**Exercise objective**
Below are some entries. Copy each line in them that holds "Method".
====== Exercise material ======
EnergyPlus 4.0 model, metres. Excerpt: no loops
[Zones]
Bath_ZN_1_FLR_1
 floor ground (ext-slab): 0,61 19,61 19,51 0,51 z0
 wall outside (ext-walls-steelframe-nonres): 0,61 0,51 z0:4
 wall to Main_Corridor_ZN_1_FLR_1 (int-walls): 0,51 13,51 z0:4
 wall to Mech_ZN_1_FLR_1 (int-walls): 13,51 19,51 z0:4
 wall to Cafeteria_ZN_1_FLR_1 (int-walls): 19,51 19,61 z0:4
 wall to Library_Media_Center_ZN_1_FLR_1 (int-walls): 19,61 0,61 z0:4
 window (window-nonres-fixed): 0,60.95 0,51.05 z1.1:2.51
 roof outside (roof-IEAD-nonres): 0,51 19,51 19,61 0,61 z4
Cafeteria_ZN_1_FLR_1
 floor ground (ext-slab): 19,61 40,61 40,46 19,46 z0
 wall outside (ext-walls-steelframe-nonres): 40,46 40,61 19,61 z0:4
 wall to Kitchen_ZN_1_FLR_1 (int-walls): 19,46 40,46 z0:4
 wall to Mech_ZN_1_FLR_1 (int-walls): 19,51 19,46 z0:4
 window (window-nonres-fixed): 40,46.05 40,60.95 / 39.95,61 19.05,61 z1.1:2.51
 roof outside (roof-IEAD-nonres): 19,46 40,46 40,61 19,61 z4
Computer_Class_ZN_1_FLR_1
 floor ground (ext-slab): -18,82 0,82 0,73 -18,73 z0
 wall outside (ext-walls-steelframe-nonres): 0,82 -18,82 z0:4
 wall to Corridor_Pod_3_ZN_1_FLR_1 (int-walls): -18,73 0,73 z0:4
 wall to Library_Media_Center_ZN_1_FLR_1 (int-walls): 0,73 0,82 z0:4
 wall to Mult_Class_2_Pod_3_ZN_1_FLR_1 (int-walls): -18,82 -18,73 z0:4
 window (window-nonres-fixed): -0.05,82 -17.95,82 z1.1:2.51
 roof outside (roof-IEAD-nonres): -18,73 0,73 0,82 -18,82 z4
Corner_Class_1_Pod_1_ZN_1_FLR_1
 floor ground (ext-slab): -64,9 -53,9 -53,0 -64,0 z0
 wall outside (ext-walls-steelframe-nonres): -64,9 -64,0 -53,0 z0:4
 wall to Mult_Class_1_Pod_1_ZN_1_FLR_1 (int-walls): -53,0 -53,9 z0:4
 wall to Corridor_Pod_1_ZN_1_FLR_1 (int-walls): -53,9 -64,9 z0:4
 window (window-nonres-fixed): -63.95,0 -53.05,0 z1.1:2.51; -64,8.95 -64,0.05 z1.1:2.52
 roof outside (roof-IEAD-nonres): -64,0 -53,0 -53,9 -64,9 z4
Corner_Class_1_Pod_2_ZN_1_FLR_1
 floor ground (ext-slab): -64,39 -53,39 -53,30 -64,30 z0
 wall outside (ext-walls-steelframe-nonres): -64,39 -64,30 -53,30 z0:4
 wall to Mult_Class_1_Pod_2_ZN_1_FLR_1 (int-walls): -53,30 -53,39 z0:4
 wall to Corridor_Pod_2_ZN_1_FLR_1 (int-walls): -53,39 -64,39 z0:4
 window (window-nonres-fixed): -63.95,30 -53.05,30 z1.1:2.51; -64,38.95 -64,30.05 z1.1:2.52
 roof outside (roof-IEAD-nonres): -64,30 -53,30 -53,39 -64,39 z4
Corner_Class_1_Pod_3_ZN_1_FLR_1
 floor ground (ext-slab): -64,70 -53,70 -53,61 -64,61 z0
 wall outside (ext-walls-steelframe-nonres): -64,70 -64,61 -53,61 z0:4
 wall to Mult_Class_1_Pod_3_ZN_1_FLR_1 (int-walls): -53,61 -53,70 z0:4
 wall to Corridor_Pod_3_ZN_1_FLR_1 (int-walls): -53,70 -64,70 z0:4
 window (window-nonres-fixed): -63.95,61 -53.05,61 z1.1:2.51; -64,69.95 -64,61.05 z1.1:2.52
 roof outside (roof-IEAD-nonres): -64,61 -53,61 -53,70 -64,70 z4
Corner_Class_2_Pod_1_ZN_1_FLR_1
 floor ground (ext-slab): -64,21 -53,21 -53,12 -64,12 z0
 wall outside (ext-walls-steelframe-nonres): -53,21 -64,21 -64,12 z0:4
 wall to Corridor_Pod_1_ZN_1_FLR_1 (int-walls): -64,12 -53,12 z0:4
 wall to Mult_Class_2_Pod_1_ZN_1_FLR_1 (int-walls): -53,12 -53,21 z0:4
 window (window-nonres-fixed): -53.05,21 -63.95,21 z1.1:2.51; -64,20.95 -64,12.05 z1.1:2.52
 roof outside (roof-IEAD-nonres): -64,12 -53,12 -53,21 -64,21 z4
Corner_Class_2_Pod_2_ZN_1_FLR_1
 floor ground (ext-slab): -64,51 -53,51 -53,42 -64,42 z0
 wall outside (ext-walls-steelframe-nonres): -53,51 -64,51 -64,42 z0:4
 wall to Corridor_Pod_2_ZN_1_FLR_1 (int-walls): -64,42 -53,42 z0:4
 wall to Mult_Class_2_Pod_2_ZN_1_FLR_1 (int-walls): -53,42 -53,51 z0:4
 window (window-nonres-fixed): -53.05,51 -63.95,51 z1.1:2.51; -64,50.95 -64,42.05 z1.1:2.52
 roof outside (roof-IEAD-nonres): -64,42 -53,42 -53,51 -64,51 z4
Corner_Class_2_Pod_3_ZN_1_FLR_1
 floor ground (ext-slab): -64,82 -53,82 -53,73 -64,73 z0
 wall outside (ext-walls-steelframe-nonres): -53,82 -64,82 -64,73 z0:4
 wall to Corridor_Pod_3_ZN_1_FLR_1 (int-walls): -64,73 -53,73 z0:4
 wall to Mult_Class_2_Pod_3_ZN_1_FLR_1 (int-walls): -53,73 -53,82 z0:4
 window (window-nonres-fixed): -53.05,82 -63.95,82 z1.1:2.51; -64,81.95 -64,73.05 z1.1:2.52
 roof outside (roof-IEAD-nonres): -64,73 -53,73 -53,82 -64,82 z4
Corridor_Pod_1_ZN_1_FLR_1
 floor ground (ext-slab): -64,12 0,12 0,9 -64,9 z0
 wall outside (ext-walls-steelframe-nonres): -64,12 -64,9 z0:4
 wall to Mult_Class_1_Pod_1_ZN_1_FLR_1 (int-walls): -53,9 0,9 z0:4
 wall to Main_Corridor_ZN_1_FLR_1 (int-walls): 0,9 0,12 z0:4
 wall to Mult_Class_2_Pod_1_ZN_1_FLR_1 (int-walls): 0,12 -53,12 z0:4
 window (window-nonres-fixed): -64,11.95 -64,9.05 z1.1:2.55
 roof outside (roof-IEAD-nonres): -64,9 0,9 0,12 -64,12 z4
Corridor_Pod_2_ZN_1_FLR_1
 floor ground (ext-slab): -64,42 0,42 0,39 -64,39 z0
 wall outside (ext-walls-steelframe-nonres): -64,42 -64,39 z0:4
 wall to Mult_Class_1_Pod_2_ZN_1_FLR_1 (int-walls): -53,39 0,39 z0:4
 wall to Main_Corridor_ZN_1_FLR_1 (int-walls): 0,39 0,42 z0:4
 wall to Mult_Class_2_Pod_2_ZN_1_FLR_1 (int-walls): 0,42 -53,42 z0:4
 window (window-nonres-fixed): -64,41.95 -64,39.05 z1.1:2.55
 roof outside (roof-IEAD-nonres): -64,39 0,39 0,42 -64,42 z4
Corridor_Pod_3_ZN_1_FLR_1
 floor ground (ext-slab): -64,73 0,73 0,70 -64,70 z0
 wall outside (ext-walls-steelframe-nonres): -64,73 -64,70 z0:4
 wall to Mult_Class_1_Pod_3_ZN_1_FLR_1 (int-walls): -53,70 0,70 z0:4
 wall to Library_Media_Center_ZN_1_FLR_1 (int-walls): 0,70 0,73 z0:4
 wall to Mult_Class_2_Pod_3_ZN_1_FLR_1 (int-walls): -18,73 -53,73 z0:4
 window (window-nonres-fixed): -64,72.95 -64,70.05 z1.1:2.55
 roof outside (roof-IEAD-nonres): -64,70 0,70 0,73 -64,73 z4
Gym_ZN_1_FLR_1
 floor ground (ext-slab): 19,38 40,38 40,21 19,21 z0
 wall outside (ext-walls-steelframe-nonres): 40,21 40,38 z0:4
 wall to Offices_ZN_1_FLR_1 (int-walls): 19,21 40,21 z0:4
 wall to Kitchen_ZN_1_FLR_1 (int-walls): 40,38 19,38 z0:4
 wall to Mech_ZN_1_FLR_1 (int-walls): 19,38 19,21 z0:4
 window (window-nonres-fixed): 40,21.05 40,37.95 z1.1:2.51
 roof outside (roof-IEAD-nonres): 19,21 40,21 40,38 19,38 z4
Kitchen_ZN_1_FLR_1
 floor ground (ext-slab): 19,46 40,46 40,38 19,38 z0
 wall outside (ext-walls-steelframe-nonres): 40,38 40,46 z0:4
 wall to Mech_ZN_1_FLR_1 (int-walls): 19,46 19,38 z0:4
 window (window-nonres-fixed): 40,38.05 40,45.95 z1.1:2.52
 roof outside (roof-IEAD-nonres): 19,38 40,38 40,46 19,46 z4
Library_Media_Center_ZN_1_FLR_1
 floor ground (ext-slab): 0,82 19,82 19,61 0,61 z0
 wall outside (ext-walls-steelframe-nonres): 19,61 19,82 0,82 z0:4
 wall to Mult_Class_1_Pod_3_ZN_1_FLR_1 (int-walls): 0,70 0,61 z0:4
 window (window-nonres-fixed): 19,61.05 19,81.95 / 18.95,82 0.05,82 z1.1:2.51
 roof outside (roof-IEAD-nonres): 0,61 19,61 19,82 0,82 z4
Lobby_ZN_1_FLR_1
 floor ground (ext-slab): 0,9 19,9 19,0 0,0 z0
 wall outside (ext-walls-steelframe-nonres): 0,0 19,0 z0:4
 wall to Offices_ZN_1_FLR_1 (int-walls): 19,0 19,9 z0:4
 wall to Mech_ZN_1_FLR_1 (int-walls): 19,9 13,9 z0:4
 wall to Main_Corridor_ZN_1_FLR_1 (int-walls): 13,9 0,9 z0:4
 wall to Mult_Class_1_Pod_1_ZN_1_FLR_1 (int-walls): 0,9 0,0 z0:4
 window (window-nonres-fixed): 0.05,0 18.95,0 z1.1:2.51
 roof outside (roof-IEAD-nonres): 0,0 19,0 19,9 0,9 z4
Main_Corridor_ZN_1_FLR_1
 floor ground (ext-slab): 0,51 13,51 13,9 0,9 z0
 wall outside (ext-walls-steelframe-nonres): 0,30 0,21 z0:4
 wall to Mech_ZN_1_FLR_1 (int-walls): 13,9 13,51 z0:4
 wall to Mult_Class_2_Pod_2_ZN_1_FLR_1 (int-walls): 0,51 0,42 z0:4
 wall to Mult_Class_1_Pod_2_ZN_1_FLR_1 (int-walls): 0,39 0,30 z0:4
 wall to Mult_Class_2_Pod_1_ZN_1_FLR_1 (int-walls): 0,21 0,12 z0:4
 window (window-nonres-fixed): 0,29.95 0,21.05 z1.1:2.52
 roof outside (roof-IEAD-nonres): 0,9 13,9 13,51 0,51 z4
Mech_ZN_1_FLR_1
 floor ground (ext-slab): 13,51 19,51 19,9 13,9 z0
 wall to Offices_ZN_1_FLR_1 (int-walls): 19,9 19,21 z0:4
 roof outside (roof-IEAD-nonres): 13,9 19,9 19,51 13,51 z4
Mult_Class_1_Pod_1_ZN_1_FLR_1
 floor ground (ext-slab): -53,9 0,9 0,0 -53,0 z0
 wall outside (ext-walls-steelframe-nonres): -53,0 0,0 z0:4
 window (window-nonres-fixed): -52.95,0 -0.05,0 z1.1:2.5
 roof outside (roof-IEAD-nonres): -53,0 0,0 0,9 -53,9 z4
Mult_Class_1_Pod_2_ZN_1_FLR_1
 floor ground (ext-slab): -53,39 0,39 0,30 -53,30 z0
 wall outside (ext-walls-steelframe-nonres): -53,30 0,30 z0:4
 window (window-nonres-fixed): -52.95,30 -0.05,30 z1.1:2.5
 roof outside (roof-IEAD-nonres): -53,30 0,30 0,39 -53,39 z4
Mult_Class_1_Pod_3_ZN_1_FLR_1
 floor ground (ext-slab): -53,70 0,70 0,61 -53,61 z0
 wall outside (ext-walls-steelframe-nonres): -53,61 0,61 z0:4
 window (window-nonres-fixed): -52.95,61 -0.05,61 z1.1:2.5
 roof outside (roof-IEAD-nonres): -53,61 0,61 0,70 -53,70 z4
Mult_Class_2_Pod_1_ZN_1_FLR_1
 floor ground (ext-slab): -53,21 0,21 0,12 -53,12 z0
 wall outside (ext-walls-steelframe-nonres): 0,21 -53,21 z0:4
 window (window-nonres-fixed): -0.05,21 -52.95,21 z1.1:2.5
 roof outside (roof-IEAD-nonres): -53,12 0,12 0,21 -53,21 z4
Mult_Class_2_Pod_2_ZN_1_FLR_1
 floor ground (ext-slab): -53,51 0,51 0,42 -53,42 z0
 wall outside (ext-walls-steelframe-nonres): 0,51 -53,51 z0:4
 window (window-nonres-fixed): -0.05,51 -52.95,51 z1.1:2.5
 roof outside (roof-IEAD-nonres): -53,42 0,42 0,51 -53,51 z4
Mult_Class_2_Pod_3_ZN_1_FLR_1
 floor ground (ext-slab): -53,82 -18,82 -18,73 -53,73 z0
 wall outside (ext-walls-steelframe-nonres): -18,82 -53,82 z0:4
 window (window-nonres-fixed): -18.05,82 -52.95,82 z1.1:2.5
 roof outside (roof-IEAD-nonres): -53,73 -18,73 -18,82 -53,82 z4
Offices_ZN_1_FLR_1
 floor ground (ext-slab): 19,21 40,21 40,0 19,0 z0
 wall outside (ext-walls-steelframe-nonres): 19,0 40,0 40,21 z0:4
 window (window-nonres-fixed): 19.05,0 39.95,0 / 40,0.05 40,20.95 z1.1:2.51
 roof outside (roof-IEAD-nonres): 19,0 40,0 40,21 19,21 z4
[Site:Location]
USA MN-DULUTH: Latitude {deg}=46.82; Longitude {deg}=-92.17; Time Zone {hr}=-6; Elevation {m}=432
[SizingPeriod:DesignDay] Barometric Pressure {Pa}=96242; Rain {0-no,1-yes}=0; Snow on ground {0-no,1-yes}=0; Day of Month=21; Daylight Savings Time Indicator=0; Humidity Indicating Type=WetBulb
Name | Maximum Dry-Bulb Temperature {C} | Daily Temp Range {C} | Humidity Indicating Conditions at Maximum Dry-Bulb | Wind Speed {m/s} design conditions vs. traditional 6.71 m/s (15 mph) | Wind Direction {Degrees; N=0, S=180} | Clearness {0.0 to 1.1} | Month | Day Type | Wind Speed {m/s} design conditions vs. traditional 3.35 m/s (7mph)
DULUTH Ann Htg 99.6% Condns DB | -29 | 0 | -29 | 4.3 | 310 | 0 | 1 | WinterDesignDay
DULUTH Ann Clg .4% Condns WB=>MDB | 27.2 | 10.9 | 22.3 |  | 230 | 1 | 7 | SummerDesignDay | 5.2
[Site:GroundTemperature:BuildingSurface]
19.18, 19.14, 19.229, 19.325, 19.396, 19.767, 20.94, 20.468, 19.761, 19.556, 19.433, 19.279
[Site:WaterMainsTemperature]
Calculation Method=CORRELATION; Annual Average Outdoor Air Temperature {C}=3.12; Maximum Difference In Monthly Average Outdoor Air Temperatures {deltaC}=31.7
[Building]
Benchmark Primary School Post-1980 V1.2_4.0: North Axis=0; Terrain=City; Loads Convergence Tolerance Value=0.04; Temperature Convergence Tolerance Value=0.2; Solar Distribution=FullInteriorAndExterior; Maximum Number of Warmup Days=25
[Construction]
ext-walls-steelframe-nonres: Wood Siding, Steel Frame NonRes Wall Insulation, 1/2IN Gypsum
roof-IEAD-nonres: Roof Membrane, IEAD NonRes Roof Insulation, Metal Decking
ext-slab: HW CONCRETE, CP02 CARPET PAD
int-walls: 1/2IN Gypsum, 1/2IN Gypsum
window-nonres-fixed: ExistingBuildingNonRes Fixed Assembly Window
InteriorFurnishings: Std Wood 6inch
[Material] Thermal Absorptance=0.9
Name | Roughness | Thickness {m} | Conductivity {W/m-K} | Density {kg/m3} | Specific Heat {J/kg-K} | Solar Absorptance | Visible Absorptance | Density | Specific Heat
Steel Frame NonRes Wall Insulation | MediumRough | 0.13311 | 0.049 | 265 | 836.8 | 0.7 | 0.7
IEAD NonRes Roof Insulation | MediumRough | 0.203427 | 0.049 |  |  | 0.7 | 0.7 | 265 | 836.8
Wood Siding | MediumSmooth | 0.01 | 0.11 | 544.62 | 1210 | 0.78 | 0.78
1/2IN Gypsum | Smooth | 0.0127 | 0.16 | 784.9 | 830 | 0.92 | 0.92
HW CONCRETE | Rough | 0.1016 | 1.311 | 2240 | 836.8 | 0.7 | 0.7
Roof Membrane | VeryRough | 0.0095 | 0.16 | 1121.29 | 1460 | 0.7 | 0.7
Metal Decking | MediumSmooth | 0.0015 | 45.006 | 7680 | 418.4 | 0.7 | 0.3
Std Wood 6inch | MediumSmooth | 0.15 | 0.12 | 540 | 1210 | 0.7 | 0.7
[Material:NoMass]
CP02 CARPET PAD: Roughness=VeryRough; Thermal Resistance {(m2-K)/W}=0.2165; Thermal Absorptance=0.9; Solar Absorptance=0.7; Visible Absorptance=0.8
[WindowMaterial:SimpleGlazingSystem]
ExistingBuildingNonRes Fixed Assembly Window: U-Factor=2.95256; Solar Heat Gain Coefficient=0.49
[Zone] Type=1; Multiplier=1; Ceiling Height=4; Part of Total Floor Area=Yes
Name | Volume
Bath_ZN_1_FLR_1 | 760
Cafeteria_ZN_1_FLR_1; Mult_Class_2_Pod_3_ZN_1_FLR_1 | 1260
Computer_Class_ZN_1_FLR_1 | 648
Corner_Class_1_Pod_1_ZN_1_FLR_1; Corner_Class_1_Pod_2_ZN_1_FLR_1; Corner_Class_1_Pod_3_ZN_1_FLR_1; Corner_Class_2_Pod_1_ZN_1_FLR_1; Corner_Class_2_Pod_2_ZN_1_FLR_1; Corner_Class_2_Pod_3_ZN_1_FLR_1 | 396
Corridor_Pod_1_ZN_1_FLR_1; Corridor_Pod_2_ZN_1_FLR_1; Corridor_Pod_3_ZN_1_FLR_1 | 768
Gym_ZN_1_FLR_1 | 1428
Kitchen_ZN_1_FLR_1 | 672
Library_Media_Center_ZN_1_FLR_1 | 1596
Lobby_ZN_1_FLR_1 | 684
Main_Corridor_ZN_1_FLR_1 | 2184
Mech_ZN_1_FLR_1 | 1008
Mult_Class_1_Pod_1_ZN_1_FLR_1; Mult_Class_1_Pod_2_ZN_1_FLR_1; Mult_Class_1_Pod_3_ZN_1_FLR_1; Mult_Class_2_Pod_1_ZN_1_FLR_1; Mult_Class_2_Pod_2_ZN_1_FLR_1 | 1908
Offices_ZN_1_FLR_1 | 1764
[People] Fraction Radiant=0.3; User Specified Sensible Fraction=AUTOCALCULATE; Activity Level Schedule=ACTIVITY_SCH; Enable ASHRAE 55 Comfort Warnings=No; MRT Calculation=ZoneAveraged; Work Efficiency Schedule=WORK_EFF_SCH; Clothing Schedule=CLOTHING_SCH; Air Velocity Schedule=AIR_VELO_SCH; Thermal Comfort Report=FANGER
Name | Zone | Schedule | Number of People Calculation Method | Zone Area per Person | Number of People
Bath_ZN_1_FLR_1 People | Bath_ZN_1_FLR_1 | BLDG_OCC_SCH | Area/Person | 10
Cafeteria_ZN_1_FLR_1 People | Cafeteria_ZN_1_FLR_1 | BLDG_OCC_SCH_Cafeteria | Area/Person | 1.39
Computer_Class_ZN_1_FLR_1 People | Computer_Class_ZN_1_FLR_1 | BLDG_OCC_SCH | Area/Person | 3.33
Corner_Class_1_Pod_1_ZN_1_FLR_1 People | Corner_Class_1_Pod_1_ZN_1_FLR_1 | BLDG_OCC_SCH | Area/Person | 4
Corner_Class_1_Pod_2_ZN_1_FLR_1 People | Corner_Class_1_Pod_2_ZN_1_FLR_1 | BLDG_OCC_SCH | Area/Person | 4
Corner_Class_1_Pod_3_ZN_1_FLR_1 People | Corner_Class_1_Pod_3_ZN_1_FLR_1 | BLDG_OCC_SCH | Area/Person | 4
======
**Answer to the exercise**
Calculation Method=CORRELATION; Annual Average Outdoor Air Temperature {C}=3.12; Maximum Difference In Monthly Average Outdoor Air Temperatures {deltaC}=31.7
Name | Zone | Schedule | Number of People Calculation Method | Zone Area per Person | Number of People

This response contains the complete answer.